24. The method of claim 22, further comprising positioning rebar along the vented floor structure form in the space around the vent forms before filling the space with the pourable concrete, wherein the rebar is included in the cast structure.

25. The method of claim 22 wherein the plurality of vent openings have an isosceles trapezoid shape.

26. The method of claim 22 wherein filling the space around the vent forms is performed absent placing any shell structure around the vent forms before filling the space.

27. The method of claim 22 wherein the plurality of tapered vent openings of the cast structure are formed absent any shell such that surfaces of the plurality of tapered vent openings are composed of the concrete.

28. The method of claim 22 wherein individual vent openings of the plurality of vent openings are configured to receive a vent insert for controlling the flow of air therethrough.

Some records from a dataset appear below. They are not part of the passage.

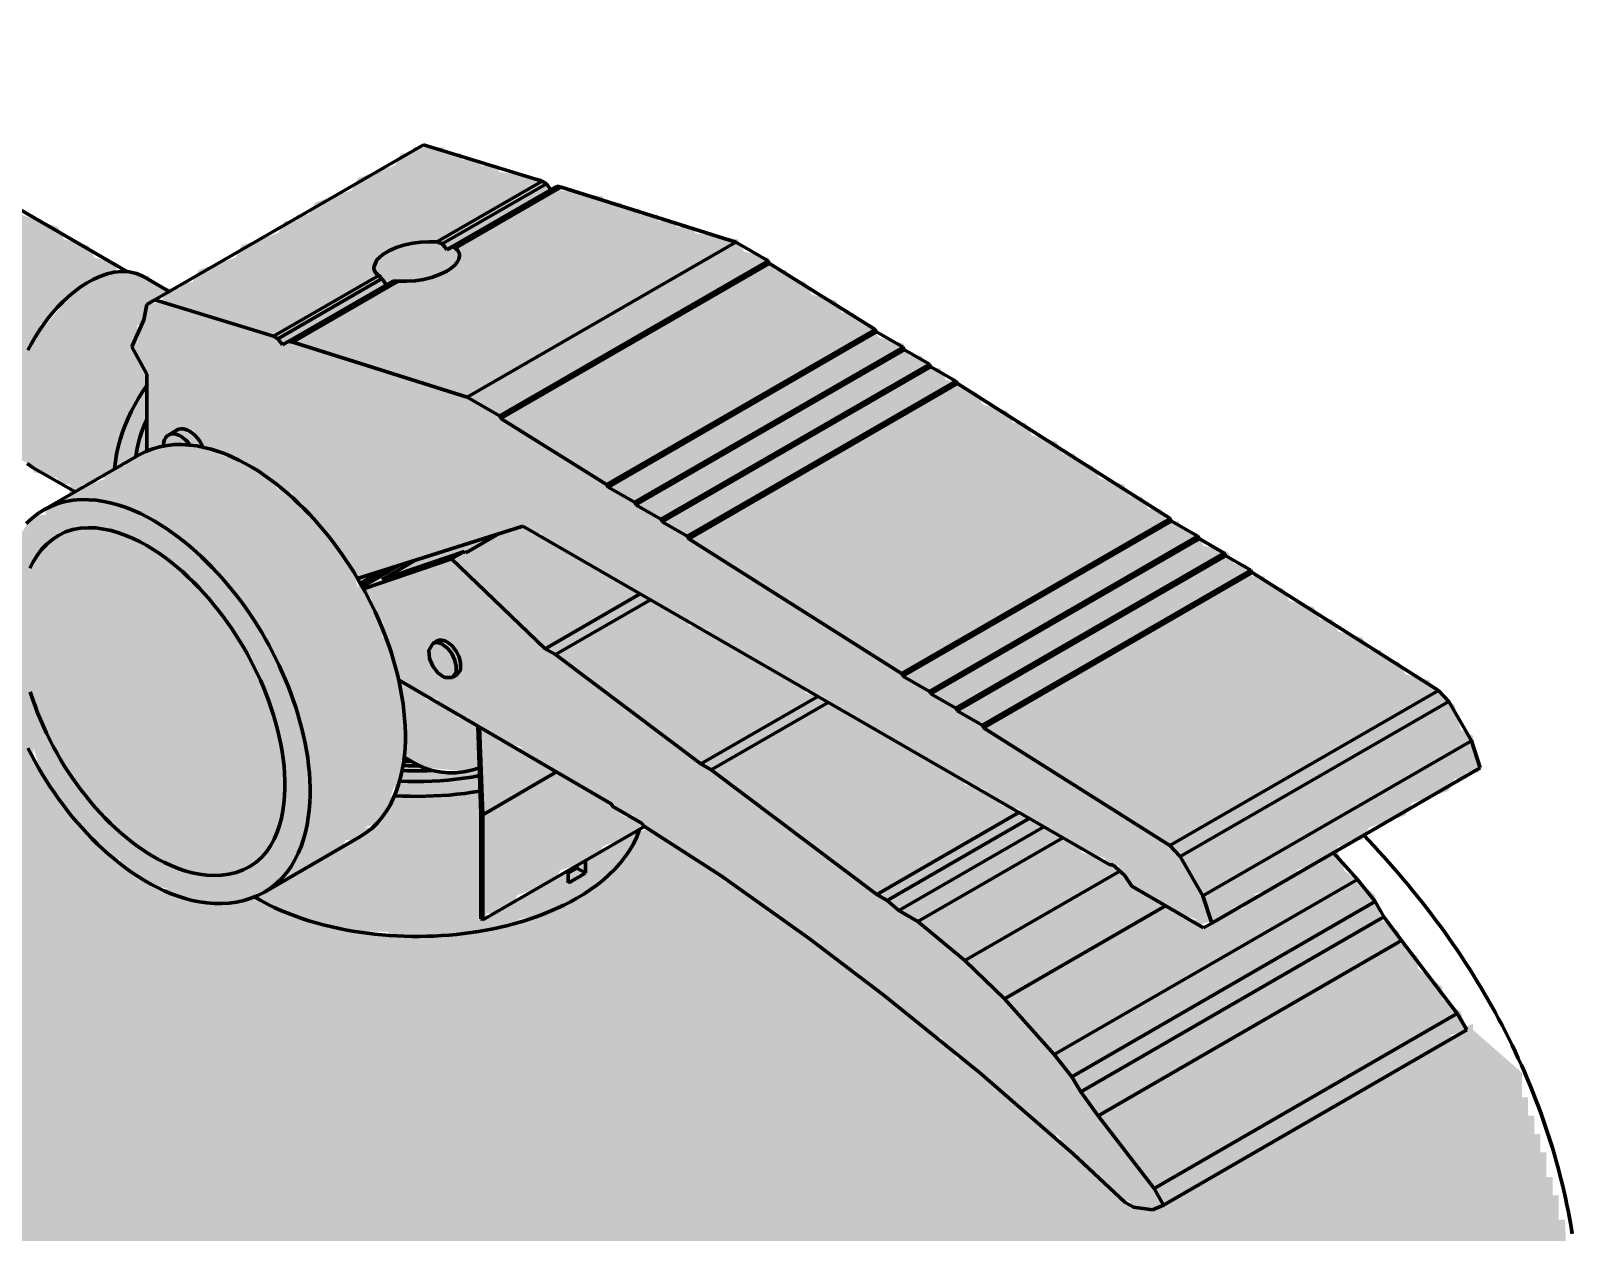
# Model space of a CAD drawing. Header units: millimetres. Extents: x 0 to 420, y 0 to 297.
# Drawn here: x 219.76 to 244.99, y 243.38 to 262.97 of the extents above; entities that cross this region are included whole.
import ezdxf

# ---------------------------------------------------------------- set-up
doc = ezdxf.new("R2010")
doc.units = ezdxf.units.MM
doc.layers.add('01-VISIBLE', color=7, linetype='CONTINUOUS', lineweight=70)
doc.layers.add('13-GRAFICA', color=30, linetype='CONTINUOUS', lineweight=18)

msp = doc.modelspace()

# ---------------------------------------------------------------- hatches: boundary and pattern name
at = {"layer": '13-GRAFICA', "true_color": 0x202020}
h = msp.add_hatch(color=7, dxfattribs=at)
h.dxf.hatch_style = 1
h.paths.add_polyline_path([(208.094, 245.275), (208.094, 258.175), (208.194, 258.175), (208.294, 259.275), (208.394, 259.275), (208.394, 259.475), (208.494, 259.475), (208.494, 259.775), (208.594, 259.775), (208.594, 260.075), (208.694, 260.075), (208.694, 260.275), (208.794, 260.275), (208.794, 260.575), (208.894, 260.575), (208.894, 260.675), (209.094, 260.775), (209.094, 260.975), (209.494, 261.275), (209.494, 261.475), (209.594, 261.475), (209.994, 261.975), (210.194, 261.975), (210.294, 262.175), (210.494, 262.175), (210.494, 262.275), (210.694, 262.275), (210.694, 262.375), (210.894, 262.375), (210.994, 262.575), (211.494, 262.675), (211.494, 262.775), (212.894, 262.875), (212.894, 262.975), (213.794, 262.875), (213.794, 262.775), (214.794, 262.675), (214.794, 262.575), (214.994, 262.575), (214.994, 262.475), (215.194, 262.475), (215.194, 262.375), (215.494, 262.375), (215.494, 262.275), (215.694, 262.275), (215.694, 262.175), (215.894, 262.175), (215.894, 262.075), (216.094, 262.075), (216.094, 261.975), (216.294, 261.975), (216.294, 261.875), (216.894, 261.675), (216.994, 261.475), (217.594, 261.275), (217.694, 261.075), (218.094, 260.975), (218.194, 260.775), (218.794, 260.575), (218.894, 260.375), (219.494, 260.175), (219.594, 259.975), (220.194, 259.775), (220.294, 259.575), (220.694, 259.475), (220.794, 259.275), (221.194, 259.175), (221.094, 258.975), (220.594, 258.875), (220.594, 258.775), (219.894, 258.175), (219.794, 257.775), (219.594, 257.675), (219.494, 256.975), (219.394, 256.975), (219.394, 256.475), (219.494, 256.475), (219.494, 256.175), (219.594, 256.175), (219.594, 256.075), (219.394, 256.075), (219.294, 256.275), (218.894, 256.375), (218.794, 256.575), (218.194, 256.775), (218.094, 256.975), (217.494, 257.175), (217.394, 257.375), (216.794, 257.575), (216.694, 257.775), (216.294, 257.875), (216.194, 258.075), (215.594, 258.275), (215.494, 258.475), (214.894, 258.675), (214.794, 258.875), (214.594, 258.875), (214.594, 258.975), (214.394, 258.975), (214.394, 259.075), (214.094, 259.075), (214.094, 259.175), (213.894, 259.175), (213.894, 259.275), (213.694, 259.275), (213.694, 259.375), (212.794, 259.475), (212.794, 259.375), (212.394, 259.375), (212.394, 259.275), (212.194, 259.275), (212.194, 259.175), (211.994, 259.075), (211.994, 258.875), (211.794, 258.775), (211.694, 258.175), (211.594, 258.175), (211.594, 257.275), (211.494, 257.275), (211.494, 248.775), (211.194, 248.675), (210.494, 247.875), (210.294, 247.875), (210.294, 247.775), (209.494, 247.075), (209.494, 246.875), (209.194, 246.675), (209.194, 246.475), (208.794, 246.175), (208.794, 245.975), (208.494, 245.775), (208.494, 245.575), (208.394, 245.575), (208.194, 245.275)])
at = {"layer": '13-GRAFICA', "true_color": 0xd6d9de}
h = msp.add_hatch(color=7, dxfattribs=at)
h.dxf.hatch_style = 1
h.paths.add_polyline_path([(224.794, 254.375), (224.794, 254.575), (224.194, 255.075), (224.194, 255.275), (224.094, 255.275), (223.994, 255.475), (223.794, 255.475), (223.794, 255.575), (223.494, 255.675), (223.394, 255.875), (223.194, 255.875), (223.194, 255.975), (222.594, 256.175), (222.394, 256.475), (222.094, 256.475), (221.894, 256.175), (221.694, 256.175), (221.694, 257.375), (221.594, 257.375), (221.594, 257.575), (221.494, 257.575), (221.394, 257.875), (221.494, 257.875), (221.594, 258.475), (221.894, 258.575), (221.994, 258.775), (222.194, 258.775), (222.194, 258.875), (222.394, 258.875), (222.494, 259.075), (223.094, 259.275), (223.194, 259.475), (223.794, 259.675), (223.894, 259.875), (224.094, 259.875), (224.094, 259.975), (224.294, 259.975), (224.394, 260.175), (224.994, 260.375), (225.094, 260.575), (225.694, 260.775), (225.794, 260.975), (225.994, 260.975), (225.994, 261.075), (226.494, 261.075), (226.494, 260.975), (226.794, 260.975), (226.794, 260.875), (227.094, 260.875), (227.094, 260.775), (227.394, 260.775), (227.394, 260.675), (228.094, 260.575), (228.194, 260.375), (228.394, 260.475), (228.394, 260.375), (229.094, 260.275), (229.094, 260.175), (229.394, 260.175), (229.394, 260.075), (229.694, 260.075), (229.694, 259.975), (229.994, 259.975), (229.994, 259.875), (230.294, 259.875), (230.294, 259.775), (230.594, 259.775), (230.594, 259.675), (231.294, 259.575), (231.394, 259.375), (231.794, 259.275), (231.894, 259.075), (232.094, 259.075), (232.094, 258.975), (232.394, 258.875), (232.494, 258.675), (232.894, 258.575), (232.994, 258.375), (233.194, 258.375), (233.194, 258.275), (233.494, 258.175), (233.594, 257.975), (233.994, 257.875), (234.094, 257.675), (234.294, 257.675), (234.394, 257.475), (234.594, 257.475), (234.694, 257.275), (234.894, 257.275), (234.894, 257.175), (235.194, 257.075), (235.294, 256.875), (235.694, 256.775), (235.794, 256.575), (235.994, 256.575), (236.094, 256.375), (236.494, 256.275), (236.594, 256.075), (236.794, 256.075), (236.794, 255.975), (237.094, 255.875), (237.194, 255.675), (237.594, 255.575), (237.694, 255.375), (237.894, 255.375), (237.994, 255.175), (238.194, 255.175), (238.294, 254.975), (238.494, 254.975), (238.494, 254.875), (238.794, 254.775), (238.894, 254.575), (239.294, 254.475), (239.394, 254.275), (239.594, 254.275), (239.694, 254.075), (239.894, 254.075), (239.894, 253.975), (240.194, 253.875), (240.294, 253.675), (240.694, 253.575), (240.794, 253.375), (240.994, 253.375), (241.094, 253.175), (241.494, 253.075), (241.594, 252.875), (241.794, 252.875), (241.794, 252.775), (242.094, 252.675), (242.194, 252.475), (242.594, 252.375), (242.594, 252.275), (242.994, 251.975), (243.094, 251.575), (243.294, 251.475), (243.394, 250.875), (243.194, 250.875), (243.194, 250.775), (242.994, 250.775), (242.894, 250.575), (242.294, 250.375), (242.194, 250.175), (241.594, 249.975), (241.494, 249.775), (241.294, 249.775), (241.294, 249.675), (241.094, 249.675), (240.994, 249.475), (240.394, 249.275), (240.294, 249.075), (239.694, 248.875), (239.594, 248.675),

29. A precast vented floor structure for use in a crop storage area, the precast vented floor structure comprising:

a slab having a first surface configured to support crops stored in the crop storage area and a second surface opposite the first surface; and

a plurality of vent openings extending between the first and second surface, wherein individual vent openings of the plurality of vent openings have sidewalls formed directly by the slab and in the absence of a cast-in shell.

30. The precast vented floor structure of claim 29, further comprising one or more side walls extending downwardly from the second surface and configured to at least partially form one or more plenums.

31. The precast vented floor structure of claim 29 wherein individual vent openings of the plurality of vent openings taper inwardly from the first surface toward the second surface.

32. The precast vented floor structure of claim 29 wherein individual vent openings of the plurality of vent openings have an isosceles trapezoid shape.

33. The precast vented floor structure of claim 29 wherein individual vent openings of the plurality of vent openings have sidewalls formed directly by the slab and in the absence of any cast-in structures.